This invention relates to "A virulence marker protein for pebrine disease of silkworm Bombyz mori".
Pebrine disease is caused by the parasitism of the microsporidian Nosema which belongs to protozoa. This disease causes great loss to Sericulture Industry due to complete mortality of silkworm Larvae in a rearing batch.This dreaded disease once completely wiped the Sericulture industry in all European countries.This was mainly due to lack of technology, in the production of quality disease free seeds. During the year 1865 -70, Louis Pasteur brought out a method of diagnosis by crushing the mother moth and observing under the microscope for the spores.This disease was also reported from different sericultural regions of India.
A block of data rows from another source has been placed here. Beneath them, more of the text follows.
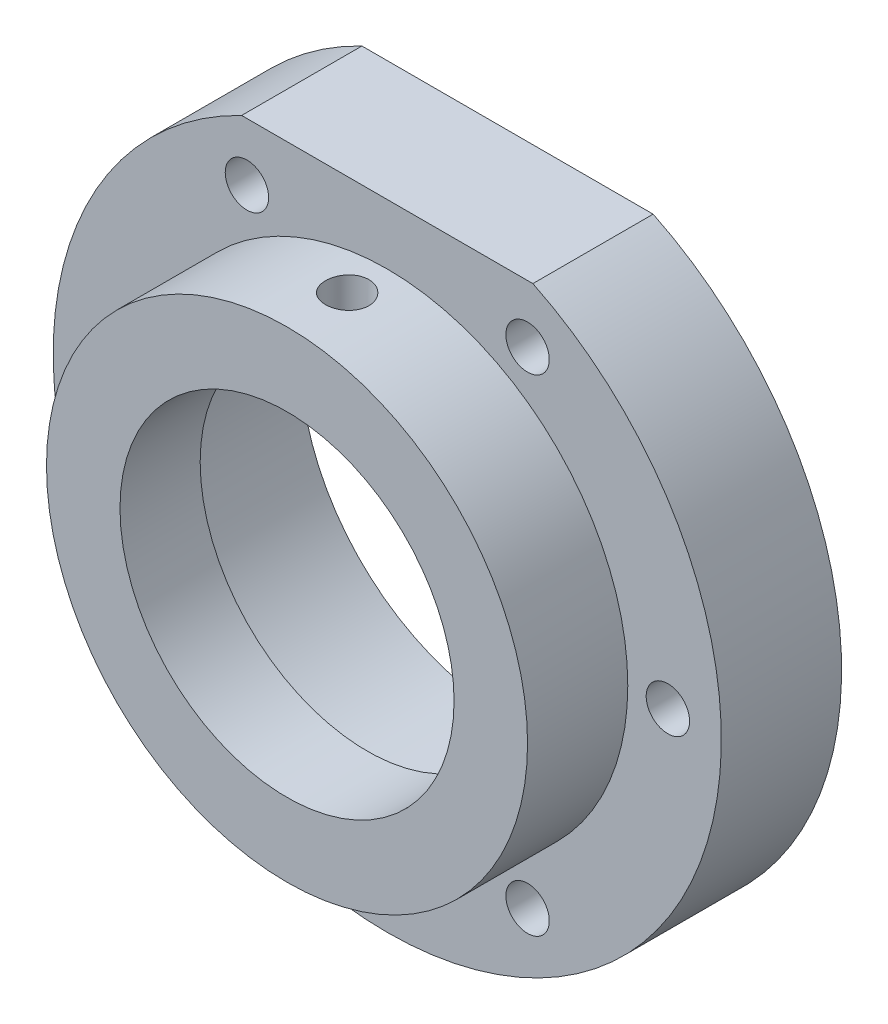
ISO-10303-21;
HEADER;
FILE_DESCRIPTION(('STEP AP214'),'2;1');
FILE_NAME('part.step','',(''),(''),'','','');
FILE_SCHEMA(('AUTOMOTIVE_DESIGN { 1 0 10303 214 1 1 1 1 }'));
ENDSEC;
DATA;
#1=APPLICATION_CONTEXT('core data for automotive mechanical design processes');
#2=APPLICATION_PROTOCOL_DEFINITION('international standard','automotive_design',2000,#1);
#3=PRODUCT_CONTEXT('',#1,'mechanical');
#4=PRODUCT('Part','Part','',(#3));
#5=PRODUCT_RELATED_PRODUCT_CATEGORY('part','',(#4));
#6=PRODUCT_DEFINITION_FORMATION('','',#4);
#7=PRODUCT_DEFINITION_CONTEXT('part definition',#1,'design');
#8=PRODUCT_DEFINITION('design','',#6,#7);
#9=PRODUCT_DEFINITION_SHAPE('','',#8);
#10=(LENGTH_UNIT() NAMED_UNIT(*) SI_UNIT(.MILLI.,.METRE.));
#11=(NAMED_UNIT(*) PLANE_ANGLE_UNIT() SI_UNIT($,.RADIAN.));
#12=(NAMED_UNIT(*) SI_UNIT($,.STERADIAN.) SOLID_ANGLE_UNIT());
#13=UNCERTAINTY_MEASURE_WITH_UNIT(LENGTH_MEASURE(1.E-05),#10,'distance_accuracy_value','');
#14=(GEOMETRIC_REPRESENTATION_CONTEXT(3) GLOBAL_UNCERTAINTY_ASSIGNED_CONTEXT((#13)) GLOBAL_UNIT_ASSIGNED_CONTEXT((#10,
#11,#12)) REPRESENTATION_CONTEXT('',''));
#15=CARTESIAN_POINT('',(0.,0.,0.));
#16=DIRECTION('',(0.,0.,1.));
#17=DIRECTION('',(1.,0.,0.));
#18=AXIS2_PLACEMENT_3D('',#15,#16,#17);
#19=CARTESIAN_POINT('',(-20.9999999999997,36.3730669589466,21.));
#20=DIRECTION('',(0.,0.,-1.));
#21=DIRECTION('',(0.499999999999992,-0.866025403784443,0.));
#22=AXIS2_PLACEMENT_3D('',#19,#20,#21);
#23=CYLINDRICAL_SURFACE('',#22,3.25);
#24=CARTESIAN_POINT('',(-20.9999999999997,36.3730669589466,18.));
#25=DIRECTION('',(0.,0.,1.));
#26=DIRECTION('',(-0.499999999999992,0.866025403784443,0.));
#27=AXIS2_PLACEMENT_3D('',#24,#25,#26);
#28=CIRCLE('',#27,3.25);
#29=CARTESIAN_POINT('',(-22.6249999999996,39.1876495212461,18.));
#30=VERTEX_POINT('',#29);
#31=EDGE_CURVE('E160',#30,#30,#28,.T.);
#32=ORIENTED_EDGE('',*,*,#31,.T.);
#33=EDGE_LOOP('',(#32));
#34=FACE_BOUND('',#33,.T.);
#35=CARTESIAN_POINT('',(-20.9999999999997,36.3730669589466,6.));
#36=DIRECTION('',(0.,0.,-1.));
#37=DIRECTION('',(-1.,0.,0.));
#38=AXIS2_PLACEMENT_3D('',#35,#36,#37);
#39=CIRCLE('',#38,3.25);
#40=CARTESIAN_POINT('',(-24.2499999999997,36.3730669589466,6.));
#41=VERTEX_POINT('',#40);
#42=EDGE_CURVE('E122',#41,#41,#39,.F.);
#43=ORIENTED_EDGE('',*,*,#42,.F.);
#44=EDGE_LOOP('',(#43));
#45=FACE_BOUND('',#44,.T.);
#46=ADVANCED_FACE('F34',(#34,#45),#23,.F.);
#47=CARTESIAN_POINT('',(-42.,0.,21.));
#48=DIRECTION('',(0.,0.,-1.));
#49=DIRECTION('',(1.,0.,0.));
#50=AXIS2_PLACEMENT_3D('',#47,#48,#49);
#51=CYLINDRICAL_SURFACE('',#50,3.25);
#52=CARTESIAN_POINT('',(-42.,0.,18.));
#53=DIRECTION('',(0.,0.,1.));
#54=DIRECTION('',(-1.,0.,0.));
#55=AXIS2_PLACEMENT_3D('',#52,#53,#54);
#56=CIRCLE('',#55,3.25);
#57=CARTESIAN_POINT('',(-45.25,0.,18.));
#58=VERTEX_POINT('',#57);
#59=EDGE_CURVE('E163',#58,#58,#56,.T.);
#60=ORIENTED_EDGE('',*,*,#59,.T.);
#61=EDGE_LOOP('',(#60));
#62=FACE_BOUND('',#61,.T.);
#63=CARTESIAN_POINT('',(-42.,0.,6.));
#64=DIRECTION('',(0.,0.,-1.));
#65=DIRECTION('',(-1.,0.,0.));
#66=AXIS2_PLACEMENT_3D('',#63,#64,#65);
#67=CIRCLE('',#66,3.25);
#68=CARTESIAN_POINT('',(-45.25,0.,6.));
#69=VERTEX_POINT('',#68);
#70=EDGE_CURVE('E118',#69,#69,#67,.F.);
#71=ORIENTED_EDGE('',*,*,#70,.F.);
#72=EDGE_LOOP('',(#71));
#73=FACE_BOUND('',#72,.T.);
#74=ADVANCED_FACE('F214',(#62,#73),#51,.F.);
#75=CARTESIAN_POINT('',(-21.0000000000002,-36.3730669589463,21.));
#76=DIRECTION('',(0.,0.,-1.));
#77=DIRECTION('',(0.500000000000004,0.866025403784436,0.));
#78=AXIS2_PLACEMENT_3D('',#75,#76,#77);
#79=CYLINDRICAL_SURFACE('',#78,3.25);
#80=CARTESIAN_POINT('',(-21.0000000000002,-36.3730669589463,18.));
#81=DIRECTION('',(0.,0.,1.));
#82=DIRECTION('',(-0.500000000000004,-0.866025403784436,0.));
#83=AXIS2_PLACEMENT_3D('',#80,#81,#82);
#84=CIRCLE('',#83,3.25);
#85=CARTESIAN_POINT('',(-22.6250000000002,-39.1876495212458,18.));
#86=VERTEX_POINT('',#85);
#87=EDGE_CURVE('E166',#86,#86,#84,.T.);
#88=ORIENTED_EDGE('',*,*,#87,.T.);
#89=EDGE_LOOP('',(#88));
#90=FACE_BOUND('',#89,.T.);
#91=CARTESIAN_POINT('',(-21.0000000000002,-36.3730669589463,6.));
#92=DIRECTION('',(0.,0.,-1.));
#93=DIRECTION('',(-1.,0.,0.));
#94=AXIS2_PLACEMENT_3D('',#91,#92,#93);
#95=CIRCLE('',#94,3.25);
#96=CARTESIAN_POINT('',(-24.2500000000002,-36.3730669589463,6.));
#97=VERTEX_POINT('',#96);
#98=EDGE_CURVE('E113',#97,#97,#95,.F.);
#99=ORIENTED_EDGE('',*,*,#98,.F.);
#100=EDGE_LOOP('',(#99));
#101=FACE_BOUND('',#100,.T.);
#102=ADVANCED_FACE('F220',(#90,#101),#79,.F.);
#103=CARTESIAN_POINT('',(20.9999999999999,-36.3730669589465,21.));
#104=DIRECTION('',(0.,0.,-1.));
#105=DIRECTION('',(-0.499999999999998,0.86602540378444,0.));
#106=AXIS2_PLACEMENT_3D('',#103,#104,#105);
#107=CYLINDRICAL_SURFACE('',#106,3.25);
#108=CARTESIAN_POINT('',(20.9999999999999,-36.3730669589465,18.));
#109=DIRECTION('',(0.,0.,1.));
#110=DIRECTION('',(0.499999999999998,-0.86602540378444,0.));
#111=AXIS2_PLACEMENT_3D('',#108,#109,#110);
#112=CIRCLE('',#111,3.25);
#113=CARTESIAN_POINT('',(22.6249999999999,-39.1876495212459,18.));
#114=VERTEX_POINT('',#113);
#115=EDGE_CURVE('E169',#114,#114,#112,.T.);
#116=ORIENTED_EDGE('',*,*,#115,.T.);
#117=EDGE_LOOP('',(#116));
#118=FACE_BOUND('',#117,.T.);
#119=CARTESIAN_POINT('',(20.9999999999999,-36.3730669589465,6.));
#120=DIRECTION('',(0.,0.,-1.));
#121=DIRECTION('',(-1.,0.,0.));
#122=AXIS2_PLACEMENT_3D('',#119,#120,#121);
#123=CIRCLE('',#122,3.25);
#124=CARTESIAN_POINT('',(17.7499999999999,-36.3730669589465,6.));
#125=VERTEX_POINT('',#124);
#126=EDGE_CURVE('E108',#125,#125,#123,.F.);
#127=ORIENTED_EDGE('',*,*,#126,.F.);
#128=EDGE_LOOP('',(#127));
#129=FACE_BOUND('',#128,.T.);
#130=ADVANCED_FACE('F229',(#118,#129),#107,.F.);
#131=CARTESIAN_POINT('',(42.,0.,21.));
#132=DIRECTION('',(0.,0.,-1.));
#133=DIRECTION('',(-1.,0.,0.));
#134=AXIS2_PLACEMENT_3D('',#131,#132,#133);
#135=CYLINDRICAL_SURFACE('',#134,3.25);
#136=CARTESIAN_POINT('',(42.,0.,18.));
#137=DIRECTION('',(0.,0.,1.));
#138=DIRECTION('',(1.,0.,0.));
#139=AXIS2_PLACEMENT_3D('',#136,#137,#138);
#140=CIRCLE('',#139,3.25);
#141=CARTESIAN_POINT('',(45.25,0.,18.));
#142=VERTEX_POINT('',#141);
#143=EDGE_CURVE('E172',#142,#142,#140,.T.);
#144=ORIENTED_EDGE('',*,*,#143,.T.);
#145=EDGE_LOOP('',(#144));
#146=FACE_BOUND('',#145,.T.);
#147=CARTESIAN_POINT('',(42.,0.,6.));
#148=DIRECTION('',(0.,0.,-1.));
#149=DIRECTION('',(-1.,0.,0.));
#150=AXIS2_PLACEMENT_3D('',#147,#148,#149);
#151=CIRCLE('',#150,3.25);
#152=CARTESIAN_POINT('',(38.75,0.,6.));
#153=VERTEX_POINT('',#152);
#154=EDGE_CURVE('E103',#153,#153,#151,.F.);
#155=ORIENTED_EDGE('',*,*,#154,.F.);
#156=EDGE_LOOP('',(#155));
#157=FACE_BOUND('',#156,.T.);
#158=ADVANCED_FACE('F233',(#146,#157),#135,.F.);
#159=CARTESIAN_POINT('',(21.0000000000004,36.3730669589462,21.));
#160=DIRECTION('',(0.,0.,-1.));
#161=DIRECTION('',(-0.50000000000001,-0.866025403784433,0.));
#162=AXIS2_PLACEMENT_3D('',#159,#160,#161);
#163=CYLINDRICAL_SURFACE('',#162,3.25);
#164=CARTESIAN_POINT('',(21.0000000000004,36.3730669589462,18.));
#165=DIRECTION('',(0.,0.,1.));
#166=DIRECTION('',(0.50000000000001,0.866025403784433,0.));
#167=AXIS2_PLACEMENT_3D('',#164,#165,#166);
#168=CIRCLE('',#167,3.25);
#169=CARTESIAN_POINT('',(22.6250000000005,39.1876495212456,18.));
#170=VERTEX_POINT('',#169);
#171=EDGE_CURVE('E101',#170,#170,#168,.T.);
#172=ORIENTED_EDGE('',*,*,#171,.T.);
#173=EDGE_LOOP('',(#172));
#174=FACE_BOUND('',#173,.T.);
#175=CARTESIAN_POINT('',(21.0000000000004,36.3730669589462,6.));
#176=DIRECTION('',(0.,0.,-1.));
#177=DIRECTION('',(-1.,0.,0.));
#178=AXIS2_PLACEMENT_3D('',#175,#176,#177);
#179=CIRCLE('',#178,3.25);
#180=CARTESIAN_POINT('',(17.7500000000004,36.3730669589462,6.));
#181=VERTEX_POINT('',#180);
#182=EDGE_CURVE('E98',#181,#181,#179,.F.);
#183=ORIENTED_EDGE('',*,*,#182,.F.);
#184=EDGE_LOOP('',(#183));
#185=FACE_BOUND('',#184,.T.);
#186=ADVANCED_FACE('F191',(#174,#185),#163,.F.);
#187=CARTESIAN_POINT('',(0.,0.,18.));
#188=DIRECTION('',(0.,0.,1.));
#189=DIRECTION('',(1.,0.,0.));
#190=AXIS2_PLACEMENT_3D('',#187,#188,#189);
#191=PLANE('',#190);
#192=ORIENTED_EDGE('',*,*,#171,.F.);
#193=EDGE_LOOP('',(#192));
#194=FACE_BOUND('',#193,.T.);
#195=ORIENTED_EDGE('',*,*,#31,.F.);
#196=EDGE_LOOP('',(#195));
#197=FACE_BOUND('',#196,.T.);
#198=ORIENTED_EDGE('',*,*,#59,.F.);
#199=EDGE_LOOP('',(#198));
#200=FACE_BOUND('',#199,.T.);
#201=ORIENTED_EDGE('',*,*,#87,.F.);
#202=EDGE_LOOP('',(#201));
#203=FACE_BOUND('',#202,.T.);
#204=ORIENTED_EDGE('',*,*,#115,.F.);
#205=EDGE_LOOP('',(#204));
#206=FACE_BOUND('',#205,.T.);
#207=ORIENTED_EDGE('',*,*,#143,.F.);
#208=EDGE_LOOP('',(#207));
#209=FACE_BOUND('',#208,.T.);
#210=CARTESIAN_POINT('',(0.,0.,18.));
#211=DIRECTION('',(0.,0.,1.));
#212=DIRECTION('',(1.,0.,0.));
#213=AXIS2_PLACEMENT_3D('',#210,#211,#212);
#214=CIRCLE('',#213,50.);
#215=CARTESIAN_POINT('',(-21.7944947177034,45.,18.));
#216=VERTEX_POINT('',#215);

The first report of such an occurrence was from Bengal in 1859 followed by a report on the epidemic of pebrine from Kashmir, during 1878. The disease occurrence was reported from Madras and Mysore provinces between 1925-1930. In Mysore seed area, the disease out break was reported during 1940-47. The Sericulture department has discovered that the pebrine outbreak occurs once in four or five years. It had occurred earlier in 1973-74, 1978-79, 1983-84, 1987-88, and 1991 (Indian Silk Dec. 91)
In India the identification of microsporidian parasite in silk moth has been based on the morphological characters observed under light microscopy by highly trained technicians as developed by Louis Pasteur in 1870. The recent discovery of morphologically distinct developmental sequences (dimorphism) in microsporidian

poses difficulties in identification. Baig et al. , (1992) developed slide agglutination test for microsporidian spores using an antibody sensitized latex beads. However, this technique has not proved to be totally satisfactory as there is no discreate difference between infected & uninfected silkworms and also the efficiency is very low.
I have identified the microsporidian infection -specific polypeptide in Bombyz mori.Polyclonal antibodies were raised for Nosema spore proteins in rabbit. The serological reaction with Nosema infected silkworm larvae and egg shows the presence of a 17 kDa polypeptide which seems to be specific for infection. The batch of eggs showing the 17 kDa polsrpeptide in western blot resulted in complete mortality in lab and field. This 17 kDa protein can be used as a virulence marker for the identification of microsporidian infection. This protein is useful not only to identify the infection in moth, but also in larval, pupal stages. The 17 kDa protein was noticed in some of the disease free layings collected from sericulture grainages, testifying the efficiency of the protein in detect ion. Even a very low level of the infection can be detected by using this protein.
Pebrine disease spreads in two ways (1) The spores present in the environment of the rearing houses by secondary contamination (2) From the mother moths through the egg to the next generation. Using this method identification of this pathogen is possible at any stage of silkworm life cycle. This would help the Sericulturists to identify a good batch of larvae for egg production. Normally the infection is realised

only after complete loss of the rearing batch after 20 days Adoption of this technique would save manpower and resources and at the same time would prevent the contamination of rearing room which is very difficult to eradicate. This would in turn improve the quality and quantity of silk yield.
As per Saratchandra (Indian silk, April 1992) occurance of the disease shall bring bad reputation or loss or both either to the Seed cocoon rearers or to the Seed producers or to the commercial rearer depending upon the stage at which it is detected. A system has to be evolved where either a seed cocoon grower or a seed producer is not put to hardship due to the detection of pebrine. This is possible only when such losses are compensated. If the fifth instar silkworms are identifled for pebrine by using this protein, then those seed cocoons can be used for reeling purpose thereby saving the loss.By careful screening of larva, moth & egg by westernblot method, we can eliminate pebrine completely in near future.The cost and time factors involved can be regulated by careful planning. This also provides an opportunity for the educated farmers to set up an enterprise.
The manner in which it has to be performed :
1. Homogenise the sample egg, larva, pupa or moth in bicarbonate buffer (0.2 M pH8.0)
2. Run a SDS-Polyacrylamide gel.
3. Transfer to nitrocellulose membrane.
4. React the membrane with primary antibody raised against microsporidian Nosema bombycis and secondary antibody.

5. Develop the membrane with suitable substrate.
6. Look for the presence of 17 kDa protein.If present discard that batch of sample as they are infected with the microsporidian ie it has pebrine disease.

I claim that that a 17 kDa virulence marker protein was identified for the first time for the early identification of pebrine infection. The presence of this marker would indicate infection and the loss to the seed or egg producer and also to the silkworm rearing farmers can be prevented by using this indicator protein. The subsequent rearing can also be protected from contamination which is otherwise very difficult to eradicate.